Notes on “Quantum Listening”; a recently published book containing a speech by Pauline Oliveros from 1999.
I could recite the whole text as a list of important quotes. I feel Deep Resonance with Oliveros’ philosophy.
Quantum listening is about listening in multiple ways, as many ways, to existence, being, surrounding, soundscape. To Oliveros, the multiplicity of listening is essential. Listening is not the ear as an objective reciever getting closer to an external reality. It is an observation of the cascading reactions to the external, internal and imagined sounds of being. Through observation the sounds themselves change. Like in quantum physics, Oliveros claims that observation changes reality.
“Quantum Listening is listening in as many ways as possible simultaneously – changing and being changed by the listening.”
“One focuses on a point and changes that point by listening.”
Pauline is fascinated by the potentials of new technologies. To her, new biotech such as ingested nanotechnology could assist in our hearing abilities. “What would you want to hear if you had a bionic ear that could let you listen to anything, anywhere, any time?” She is imagining a technology that gives us live access to microsopic sounds, like the sound of a cell dividing in our body, or macroscopic sounds, like the gasses in deep space. Someone deeply imbedded in the somatic practices of Qi Gong and Tai Chi, and the awareness practices in Buddhist cultures, who carried out most of her retreats in natural environments, is excited about the hybridization of human and machine. What would Oliveros say today?
TikTok is like our bionic ear. We have access to the larger world in rapid time. A global culture connected through sound and moving image. Here is a lovely quote from Adam Greenfield: ““In our time, even the most seemingly transgressive visions of technology in everyday life invariably fall back to the familiar furniture of capital investment, surplus extraction and exploitation. We don’t even speak of progress any longer, but rather of ‘innovation.’”
Is Pauline excited or rather, aware of the inevitable. “Soon we will be faced with an unprecedented, exponential acceleration in technology.” And here we are. My deep admiration for Oliveros is her fascination with the new worlds and the future, as someone who embodies ancestral knowledge. It takes courage to carry both. It takes wisdom to understand nuance and complexity. For her we must recognize the implications and potentialities of new technologies. The human-machine epoch has already begun.
I am imagining how to implement the digital into my compositional work. How does the digital dimension overlay our perception? My recent compositional work and that for my final project discusses perception, and music as perception. I wonder how music can respresent states of being and also attract one to the materiality around them. The entity that calling out to us is also within. This is a reaction to the common function of popular music today, as a seperation from the world. What is the world, if it does not include the audio from our earbuds? More accurate language is necessary.

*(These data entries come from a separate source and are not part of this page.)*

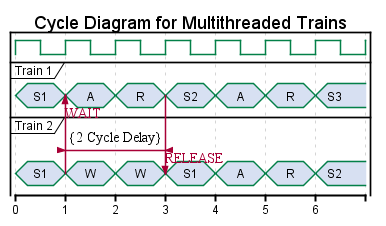

The diagram above was rendered by PlantUML. Its source (embedded in the PNG):
@startuml
title "Cycle Diagram for Multithreaded Trains"
clock clk with period 1
concise "Train 1" as T1 
concise "Train 2" as T2 

@0
T1 is "S1"
T2 is "S1"

@1
T2 -> T1 : WAIT 
T1 is A 
T2 is W

@2 
T2@3 <-> @1 : {2 Cycle Delay}
T1 is R 
T2 is W

@3 
T1 -> T2 : RELEASE
T1 is S2
T2 is S1 

@4
T1 is A 
T2 is A 

@5
T1 is R
T2 is R 

@6
T1 is S3
T2 is S2
@enduml
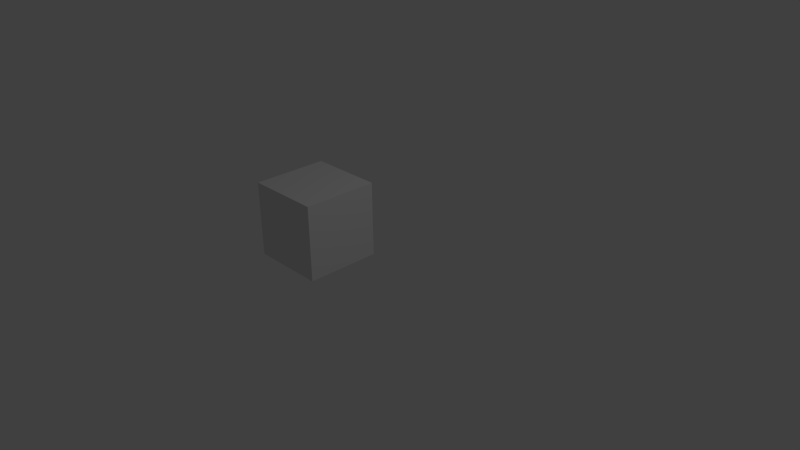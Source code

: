 # Source: Mur.blend  (saved by Blender 2.74.0; exported with 4.5.12 LTS)
import bpy
from mathutils import Matrix  # noqa: F401  (used for matrix-valued properties, if any)

bpy.ops.wm.read_factory_settings(use_empty=True)
scene = bpy.context.scene
scene.name = 'Scene'

# ---- collections
col_collection_1 = bpy.data.collections.new('Collection 1'); scene.collection.children.link(col_collection_1)

# ---- materials (node trees are filled in below, after node groups)
mat_material = bpy.data.materials.new('Material')
mat_material.alpha_threshold = 0.0
mat_material.use_transparent_shadow = False
mat_material.roughness = 0.5
mat_material.line_color = (0.0, 0.0, 0.0, 1.0)

# ---- material node trees

# ---- world
world_world = bpy.data.worlds.new('World'); scene.world = world_world
world_world.color = (0.05088, 0.05088, 0.05088)
world_world.use_sun_shadow = False
world_world.sun_shadow_jitter_overblur = 0.0
world_world.cycles.sampling_method = 'MANUAL'
world_world.cycles.sample_map_resolution = 256

# ---- cameras
cam_camera = bpy.data.cameras.new('Camera')
cam_camera.clip_end = 100.0
cam_camera.lens = 35.0
cam_camera.sensor_width = 32.0
cam_camera.sensor_height = 18.0
cam_camera.ortho_scale = 7.314
cam_camera.dof.focus_distance = 0.0
cam_camera.dof.aperture_fstop = 128.0

# ---- lights
light_lamp = bpy.data.lights.new('Lamp', 'POINT')
light_lamp.transmission_factor = 0.0
light_lamp.cutoff_distance = 30.0
light_lamp.energy = 100.0
light_lamp.shadow_buffer_clip_start = 1.001
light_lamp.shadow_soft_size = 0.1
light_lamp.shadow_maximum_resolution = 0.006
light_lamp.use_absolute_resolution = True
light_lamp.cycles.use_multiple_importance_sampling = False

# ---- meshes
me_cube = bpy.data.meshes.new('Cube')
me_cube.from_pydata([(-1.0, -1.0, 1.0), (-5.364e-07, -1.0, 1.0), (-1.0, 1.788e-07, 1.0), (-1.49e-07, -1.788e-07, 1.0), (-1.0, -1.0, 0.0), (1.192e-07, -5.96e-08, 0.0), (-2.682e-07, -1.0, 0.0), (-2.682e-07, -1.0, 0.0), (-1.0, 2.384e-07, 0.0)], [], [(3, 2, 0, 1), (7, 1, 0, 4), (5, 7, 4, 8), (4, 0, 2, 8), (3, 5, 8, 2), (3, 1, 6, 5)])
me_cube.materials.append(mat_material)
me_cube.use_remesh_preserve_volume = False
me_cube.use_remesh_preserve_attributes = False
me_cube.use_mirror_vertex_groups = False
me_cube.update()

# ---- objects
ob_cube = bpy.data.objects.new('Cube', me_cube)
ob_lamp = bpy.data.objects.new('Lamp', light_lamp)
ob_camera = bpy.data.objects.new('Camera', cam_camera)

# ---- transforms, parenting, visibility, modifiers, constraints
ob_cube.location = (0.0, 0.0, 0.0)
ob_cube.lock_rotations_4d = False
ob_cube.empty_display_type = 'ARROWS'
ob_cube.lineart.crease_threshold = 0.0
ob_lamp.location = (4.076, 1.005, 5.904)
ob_lamp.rotation_euler = (0.6503, 0.05522, 1.866)
ob_lamp.lock_rotations_4d = False
ob_lamp.empty_display_type = 'ARROWS'
ob_lamp.color = (0.0, 0.0, 0.0, 0.0)
ob_lamp.lineart.crease_threshold = 0.0
ob_camera.location = (7.481, -6.508, 5.344)
ob_camera.rotation_euler = (1.109, 0.01082, 0.8149)
ob_camera.lock_rotations_4d = False
ob_camera.empty_display_type = 'ARROWS'
ob_camera.color = (0.0, 0.0, 0.0, 0.0)
ob_camera.display_type = 'WIRE'
ob_camera.lineart.crease_threshold = 0.0

# ---- collection membership
col_collection_1.objects.link(ob_cube)
col_collection_1.objects.link(ob_lamp)
col_collection_1.objects.link(ob_camera)

# ---- scene / render settings (as saved in the file)
scene.camera = ob_camera
scene.frame_start = 1; scene.frame_end = 250; scene.frame_set(1)
scene.render.engine = 'BLENDER_EEVEE_NEXT'
scene.render.resolution_percentage = 50
scene.render.dither_intensity = 0.0
scene.cycles.use_denoising = False
scene.cycles.samples = 10
scene.cycles.sampling_pattern = 'TABULATED_SOBOL'
scene.cycles.light_sampling_threshold = 0.0
scene.cycles.use_adaptive_sampling = False
scene.cycles.use_light_tree = False
scene.cycles.blur_glossy = 0.0
scene.cycles.pixel_filter_type = 'GAUSSIAN'
scene.cycles.sample_clamp_indirect = 0.0
scene.view_settings.view_transform = 'Standard'
bpy.context.view_layer.update()

This project I am currently involved in, of music as perception, melodies above field recordings, music that exists within a space, outdoor music: what ideologies are present in these respresentations? Perhaps it began as a purism, of the’natural’ world as something to return to. Throughout the course and after reading Seth Kim Cohen’s book, ‘In The Blink of an Ear’, I imagine this purism as an essentialism. A nostalgia for better times, that we never experienced. Today, new technologies are imbedded in our perception. How can these be incorporated into the composition. In my new composition, I represent the digital (or the elsewhere-ness of the digital) as a sine wave, slightly irritated and distorted, but able to navigate with the environment. For now. It doesn’t consume the heart melody.